Automatic extraction of paralinguistic information using prosodic features related to F0, duration and voice quality

  • Authors:
  • Carlos Toshinori Ishi;Hiroshi Ishiguro;Norihiro Hagita

  • Affiliations:
  • ATR Intelligent Robotics and Communication Labs, 2-2 Hikaridai "Keihanna Science City", Kyoto 619-0288, Japan;ATR Intelligent Robotics and Communication Labs, 2-2 Hikaridai "Keihanna Science City", Kyoto 619-0288, Japan;ATR Intelligent Robotics and Communication Labs, 2-2 Hikaridai "Keihanna Science City", Kyoto 619-0288, Japan

  • Venue:
  • Speech Communication
  • Year:
  • 2008

Quantified Score

Hi-index 0.00

Visualization

Abstract

The use of acoustic-prosodic features related to F0, duration and voice quality is proposed and evaluated for automatic extraction of paralinguistic information (intentions, attitudes, and emotions) in dialogue speech. Perceptual experiments and acoustic analyses were conducted for monosyllabic interjections spoken in several speaking styles, conveying a variety of paralinguistic information.
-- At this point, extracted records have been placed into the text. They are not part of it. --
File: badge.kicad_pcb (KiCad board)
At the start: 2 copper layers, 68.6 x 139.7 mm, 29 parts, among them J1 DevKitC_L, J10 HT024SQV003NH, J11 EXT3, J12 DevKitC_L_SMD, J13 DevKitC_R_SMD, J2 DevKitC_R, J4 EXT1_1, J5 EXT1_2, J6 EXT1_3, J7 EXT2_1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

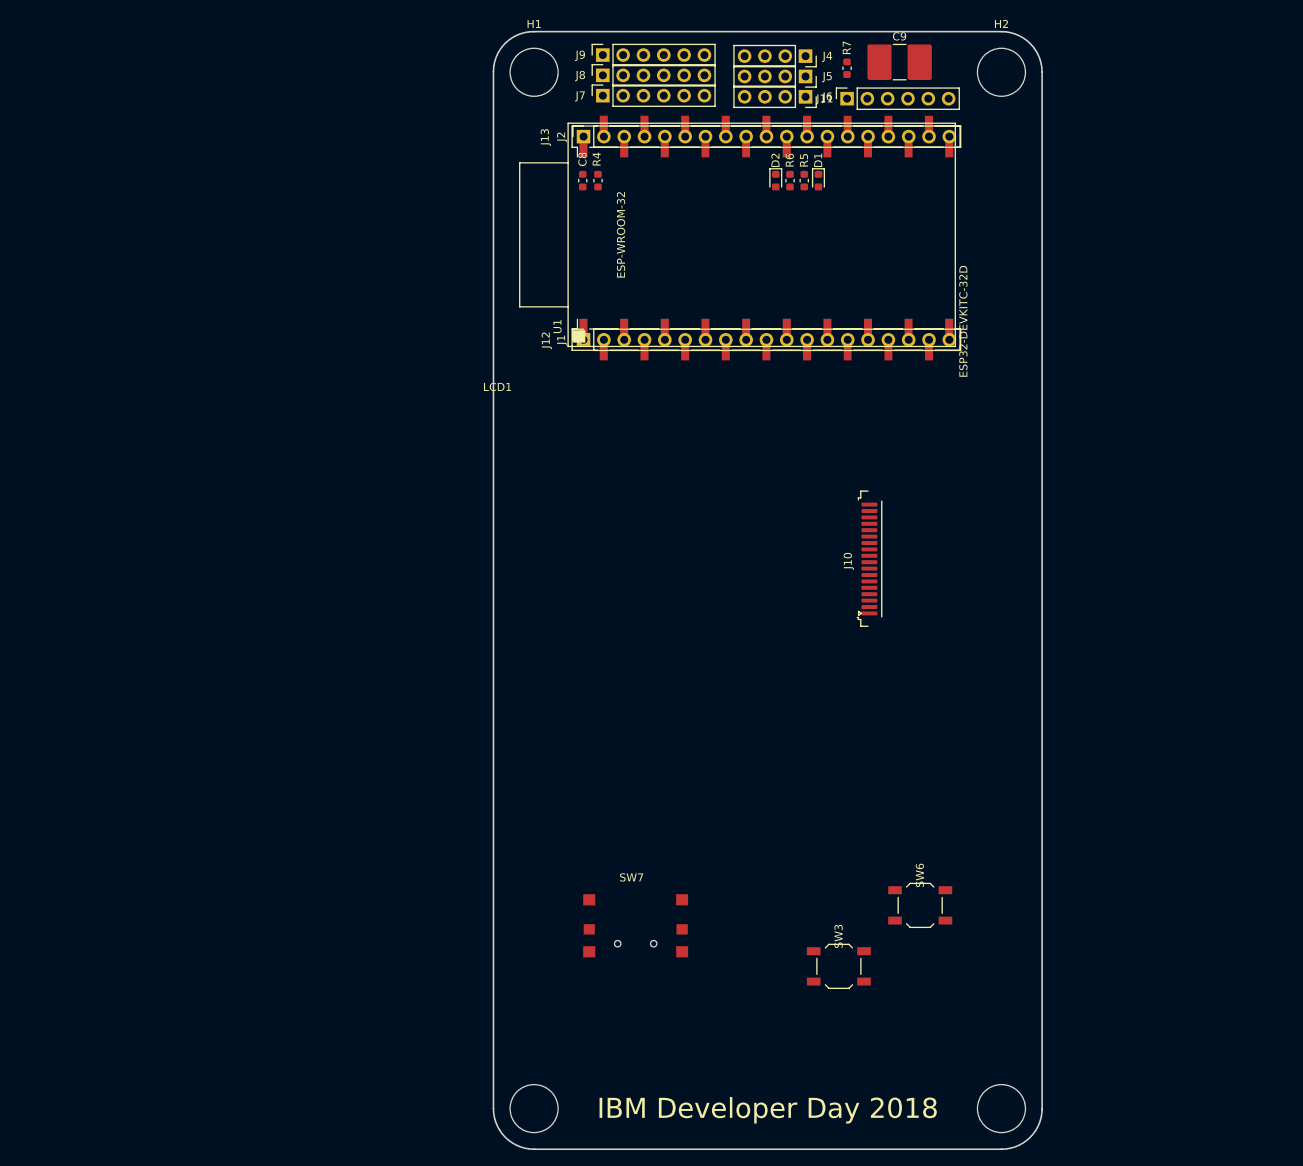
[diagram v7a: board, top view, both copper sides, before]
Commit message: Modify footprints for Silk, add IR333C
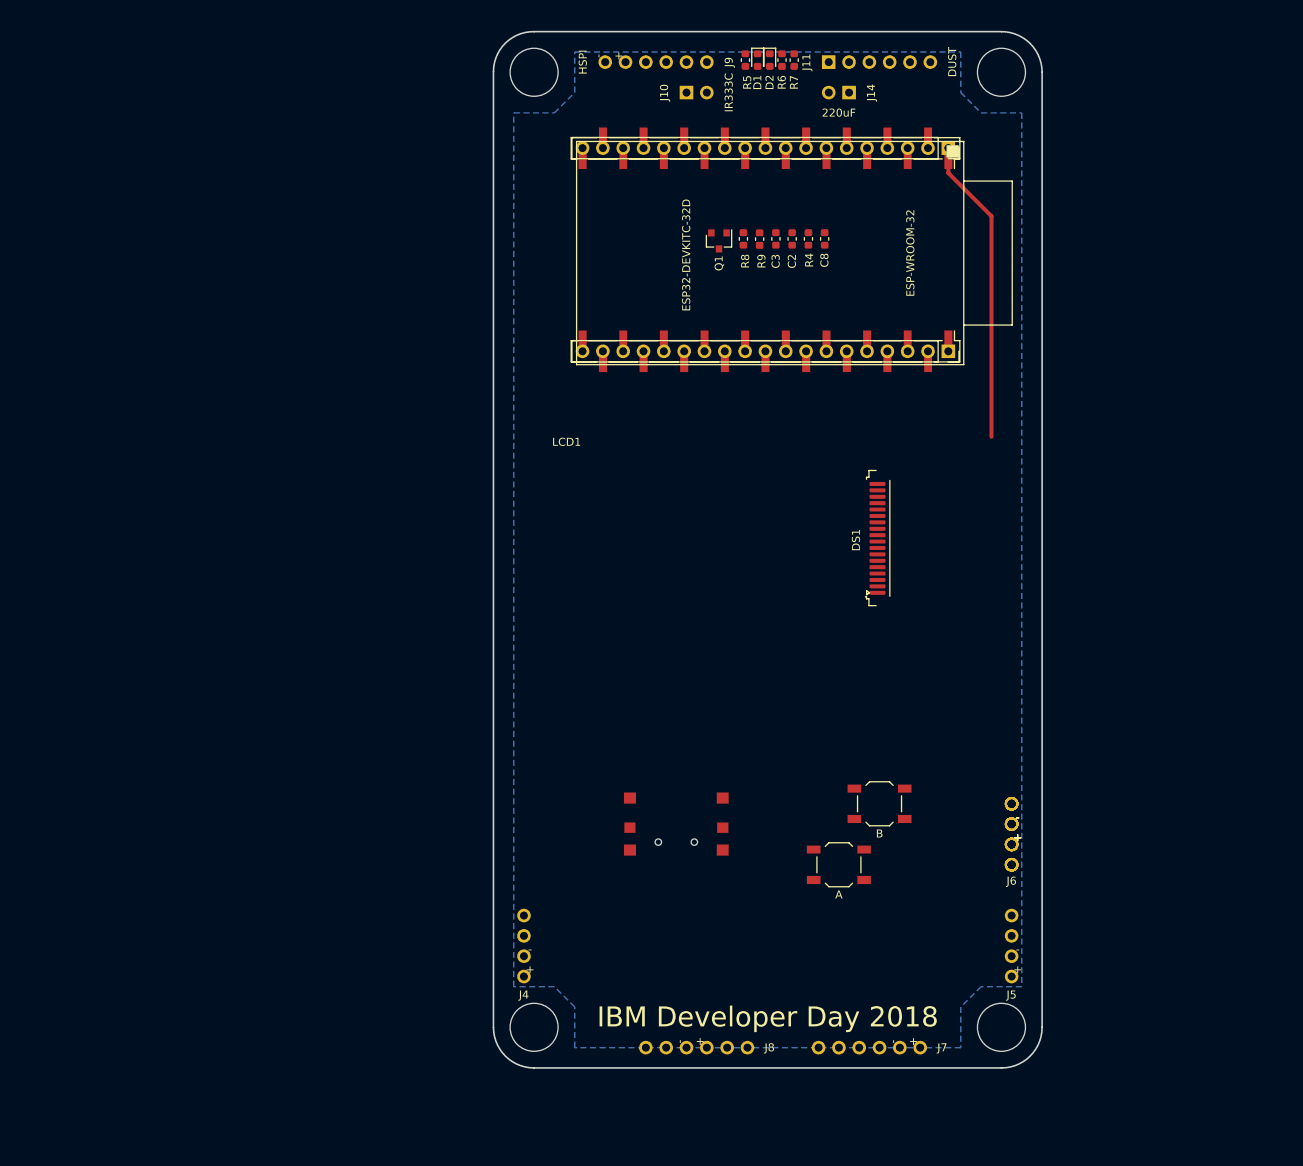
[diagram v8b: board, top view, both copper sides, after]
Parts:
- removed C9: 2917/220uF/16V, Capacitor_SMD:C_2816_7142Metric
- removed the J6 at (140.6, 20.8)
- added C2: 0603/0.1uF, Capacitor_SMD:C_0603_1608Metric, F.Cu at (138.9, 38.6)
- added C3: 0603/0.1uF, Capacitor_SMD:C_0603_1608Metric, F.Cu at (136.9, 38.6)
- added DS1: EZ240IT010, custom_footprint:COMMON_MOUNT_FFC-1x18-1MP_P0.80mm, F.Cu at (143.9, 77.8)
- added J14: 220uF, custom_footprint:PinSocket_1x02_P2.54mm_Vertical_NO3D, F.Cu at (146.1, 20.3)
- added J6 (x4): ADC_1, custom_footprint:PinSocket_1x04_P2.54mm_Vertical_NO3D_2S, F.Cu at (166.4, 116.8)
- added Q1: 2N7002, Package_TO_SOT_SMD:SOT-23, F.Cu at (129.8, 38.9)
- added R8: 0603/20R, Resistor_SMD:R_0603_1608Metric, F.Cu at (132.8, 38.6)
- added R9: 0603/36R, Resistor_SMD:R_0603_1608Metric, F.Cu at (134.9, 38.6)
- J10: value HT024SQV003NH -> IR333C; footprint custom_footprint:COMMON_MOUNT_FFC-1x18-1MP_P0.80mm -> custom_footprint:PinSocket_1x02_P2.54mm_Vertical_NO3D
- J11: value EXT3 -> DUST
- J4: value EXT1_1 -> ADC_3; footprint custom_footprint:PinSocket_1x04_P2.54mm_Vertical_NO3D -> custom_footprint:PinSocket_1x04_P2.54mm_Vertical_NO3D_1S
- J5: value EXT1_2 -> ADC_2; footprint custom_footprint:PinSocket_1x04_P2.54mm_Vertical_NO3D -> custom_footprint:PinSocket_1x04_P2.54mm_Vertical_NO3D_1S
- J7: value EXT2_1 -> DAC_1; footprint custom_footprint:PinSocket_1x06_P2.54mm_Vertical_NO3D -> custom_footprint:PinSocket_1x06_P2.54mm_Vertical_NO3D_1S
- J8: value EXT2_2 -> DAC_2; footprint custom_footprint:PinSocket_1x06_P2.54mm_Vertical_NO3D -> custom_footprint:PinSocket_1x06_P2.54mm_Vertical_NO3D_3S
- J9: value EXT2_3 -> HSPI; footprint custom_footprint:PinSocket_1x06_P2.54mm_Vertical_NO3D -> custom_footprint:PinSocket_1x06_P2.54mm_Vertical_NO3D_5S
- moved J7 125.4 mm to (154.9, 139.7), turned to 270 degrees
- moved J8 122.9 mm to (133.3, 139.7), turned to 270 degrees
- moved J4 120.3 mm to (105.4, 130.8), turned to 180 degrees
- moved J5 115.4 mm to (166.4, 130.8), turned to 180 degrees
- moved J10 62.4 mm to (125.7, 20.3)
- moved J2 52.9 mm to (158.5, 52.7), turned to 270 degrees
- moved J1 51.5 mm to (158.5, 27.3), turned to 270 degrees
- moved C8 31.1 mm to (143.0, 38.6), turned to 90 degrees
- moved R4 27.3 mm to (141.0, 38.6), turned to 90 degrees
- moved J13 26.8 mm to (135.6, 52.7), turned to 270 degrees
- moved J12 23.9 mm to (135.6, 27.3), turned to 270 degrees
- moved D1 16.9 mm to (134.6, 16.3)
- moved R5 16.8 mm to (133.1, 16.3)
- moved R6 15.1 mm to (137.7, 16.3)
- moved D2 15.1 mm to (136.1, 16.3)
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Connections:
- J10 pad 1: GND -> Net-(J10-Pad1)
- J10 pad 2: /LCD_RST -> +3V3
- J5 pad 3: /GPIO34 -> /GPIO36
- J5 pad 4: /GPIO35 -> /GPIO39
- J7 pad 3: /GPIO27 -> /GPIO26
- J7 pad 4: /GPIO26 -> /GPIO25
- J7 pad 5: /GPIO25 -> /GPIO33
- J7 pad 6: /GPIO33 -> /GPIO27
- J8 pad 1: +3V3 -> /GPIO27
- J8 pad 2: GND -> /GPIO25
- J8 pad 3: /GPIO27 -> +3V3
- J8 pad 4: /GPIO26 -> GND
- J8 pad 5: /GPIO25 -> /GPIO33
- J8 pad 6: /GPIO33 -> /GPIO26
- J9 pad 3: /GPIO27 -> /GPIO14
- J9 pad 4: /GPIO26 -> /GPIO12
- J9 pad 5: /GPIO25 -> /GPIO13
- J9 pad 6: /GPIO33 -> /GPIO15
- R4 pad 1: Net-(J10-Pad11) -> Net-(DS1-Pad11)
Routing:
- net +3V3: track 0.00 -> 38.3 mm
- net GND: track 0.00 -> 4.95 mm
- net /GPIO36: track 0.00 -> 1.68 mm
- net /GPIO34: track 0.00 -> 1.68 mm
- net /GPIO32: track 0.00 -> 1.68 mm
- net /GPIO27: track 0.00 -> 1.68 mm
- net /GPIO25: track 0.00 -> 1.68 mm
- net /GPIO13: track 0.00 -> 1.68 mm
- net /GPIO12: track 0.00 -> 1.68 mm
- net +5V: track 0.00 -> 1.68 mm
- net /VSPI_SCK: track 0.00 -> 1.66 mm
- net /LCD_DC: track 0.00 -> 1.66 mm
- net /GPIO4: track 0.00 -> 1.66 mm
- net /GPIO2: track 0.00 -> 1.66 mm
- net /GPIO17: track 0.00 -> 1.66 mm
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- added copper zone on B.Cu, net GND
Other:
- board size 68.6 x 139.7 mm -> 68.6 x 129.5 mm
- net class Default: clearance 0.2 -> 0.5; trace_width 0.3 -> 0.5
- net class Touch trace added: clearance 0.5, trace_width 0.18, via_dia 0.8, via_drill 0.4
- rule trace_clearance: 0.2 -> 0.5
- rule trace_min: 0.2 -> 0.15

Experimental results indicated that the classical prosodic features, i.e., F0 and duration, were effective for discriminating groups of paralinguistic information expressing intentions, such as affirm, deny, filler, and ask for repetition, and accounted for 57% of the global detection rate, in a task of discriminating seven groups of paralinguistic information. On the other hand, voice quality features were effective for identifying part of the paralinguistic information expressing emotions or attitudes, such as surprised, disgusted and admired, leading to a 12% improvement in the global detection rate.